Paparan ini disampaikan di acara Pleno Sinode Keuskupan Tanjungkarang, di Rumah Retret La Verna, Padangbulan, Jumat, 3 Juni 2022.

Hadir 118 orang. Mereka adalah Uskup Keuskupan Agung Palembang sekaligus Administrator Apostolik Keuskupan Sufragan Tanjungkarang Mgr. Yohanes Harun Yuwono, para imam, suster, frater. Selain itu juga hadir para wakil dari bidang-bidang kategorial: Yayasan Pendidikan Katolik, Yayasan Pengembang Sosial Ekonomi, Legio Mariae, WKRI, PDKI.

Tak ada masalah

Ida Bagus Putu Mambal (41) terlahir dari buah cinta Ida Bagus Made Suta dan Jero Sutri di Ruguk, Lampung Selatan, 17 April 1981. 

Bersama sang isteri, Sutanti Asih, dua sejoli ini telah membangun cinta selama 19 tahun. Oleh Tuhan, mereka telah dikarunia tiga orang anak. Sebelum menikah, Susanti Asih beragama Kristen.

Keluarga Susanti Asih berasal dari Sribawono, Lampung Timur. Mereka adalah umat GKSBS, Gereja Kesatuan Sumatera Bagian Selatan. Semenjak menikah dengan Bagus, Susanti menjadi Hindu. Ia mengikuti jejak sang suami agar bahtera keluarganya tidak gonjang-ganjing di tengah laut.

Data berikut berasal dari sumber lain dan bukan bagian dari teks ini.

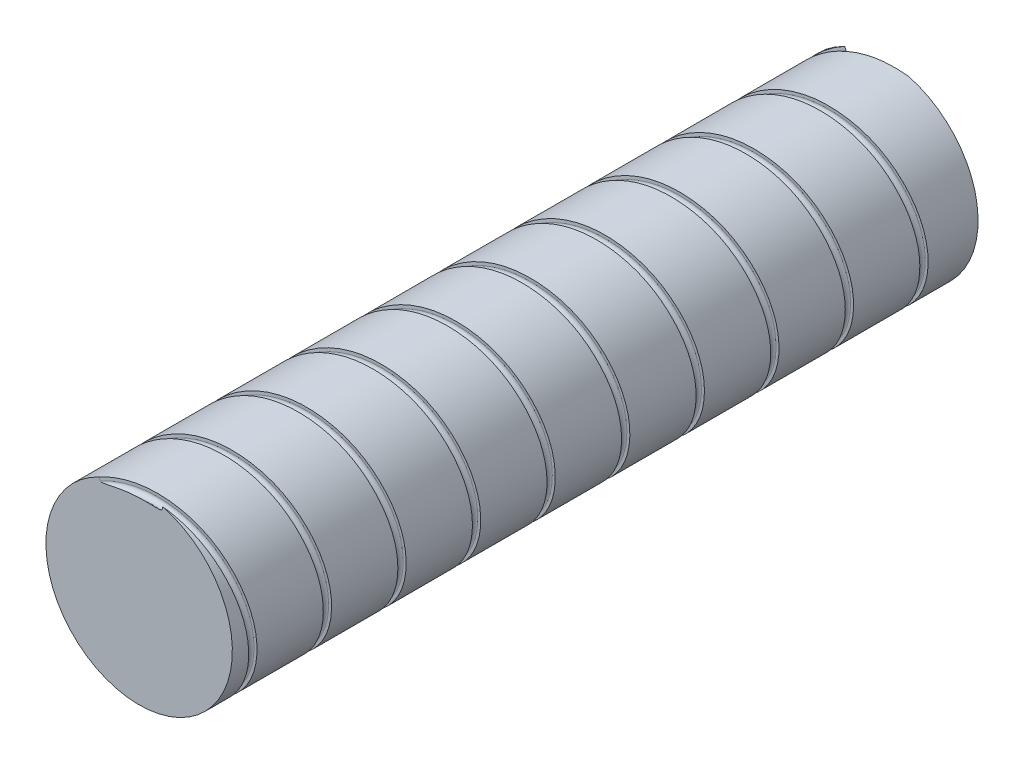
SolidWorks part; units mm, degrees
ref_plane "Front Plane" through (0, 0, 0) normal (0, 0, 1) x (1, 0, 0)
ref_plane "Top Plane" through (0, 0, 0) normal (0, 1, 0) x (1, 0, 0)
ref_plane "Right Plane" through (0, 0, 0) normal (1, 0, 0) x (0, 0, -1)
sketch "Sketch1" plane through (0, 0, 0) normal (0, 0, 1) x (1, 0, 0)
  circle A0 centre (0, 0) radius 2
  dimension "D1" = 4
extrude "Boss-Extrude1" add sketch "Sketch1" along normal blind 16
sketch "Sketch2" plane through (0, 0, 0) normal (0, 0, -1) x (-1, 0, 0)
  circle A0 centre (0, 0) radius 2
  dimension "D1" = 4
curve "Helix/Spiral1" pitch 1.6 height 16 turns 10
sketch "Sketch4" plane through (0, 0, 0) normal (1, 0, 0) x (0, 0, -1)
  line L0 (-15.9754, 1.9349) -> (-15.9754, 2.0687) construction
  line L1 (-16.0645, 1.9349) -> (-16.0645, 2.0687)
  line L2 (-15.8862, 1.9349) -> (-15.8862, 2.0687)
  arc A0 (-16.0645, 1.9349) -> (-15.8862, 1.9349) centre (-15.9754, 1.9349) ccw
  arc A1 (-15.8862, 2.0687) -> (-16.0645, 2.0687) centre (-15.9754, 2.0687) ccw
  point P2 (-15.9754, 2.0018)
sweep "Cut-Sweep2" cut profiles "Sketch4" path "Helix/Spiral1"

Bagus mengaku, meski latar belakang keluarga Susanti beragama Kristen Protestan, tetapi tidak pernah ada masalah. Bahkan, setiap pulang ke orangtua Susanti Asih di Sribawono, ia sering diajak diskusi oleh mertuanya.

Tak jarang, Bagus juga diminta untuk membawa buku-buku bacaan agama Hindu. Pernah orangtua Susanti bertanya tentang Dewi Durga.

“Dewi Durga itu kok serem ya. Kaki yang satu menginjak tanah. Kaki satunya ‘ningkring’ di dekat lutut kaki yang menginjak tanah itu,” ungkap Bagus menirukan kata-kata mertuanya itu.

Begitulah suasana keluarga Bagus. Mereka saling menghormati dan ingin memperkaya pengetahuan tentang agama lain.   

Tokoh Hindu di Lampung Ida Bagus Putu Mambal. (Sr. Fransiska Agustine FSGM)

Solidaritas

Sebagai Pemangku, Bagus bersyukur akan kehidupan antar umat beragama di Lampung. Saling memberi. Solidaritas. Menciptakan suasana rukun dan damai. Ia menyebutnya dalam beberapa momen. 

Tanggal 18 Juni adalah hari ulang tahun pura yang terletak di atas bukit Panjang, Bandar Lampung. Pada hari itu, Umat Hinhu merayakan upacara keagamaan. Hari itu juga jalur lalu lintas macet.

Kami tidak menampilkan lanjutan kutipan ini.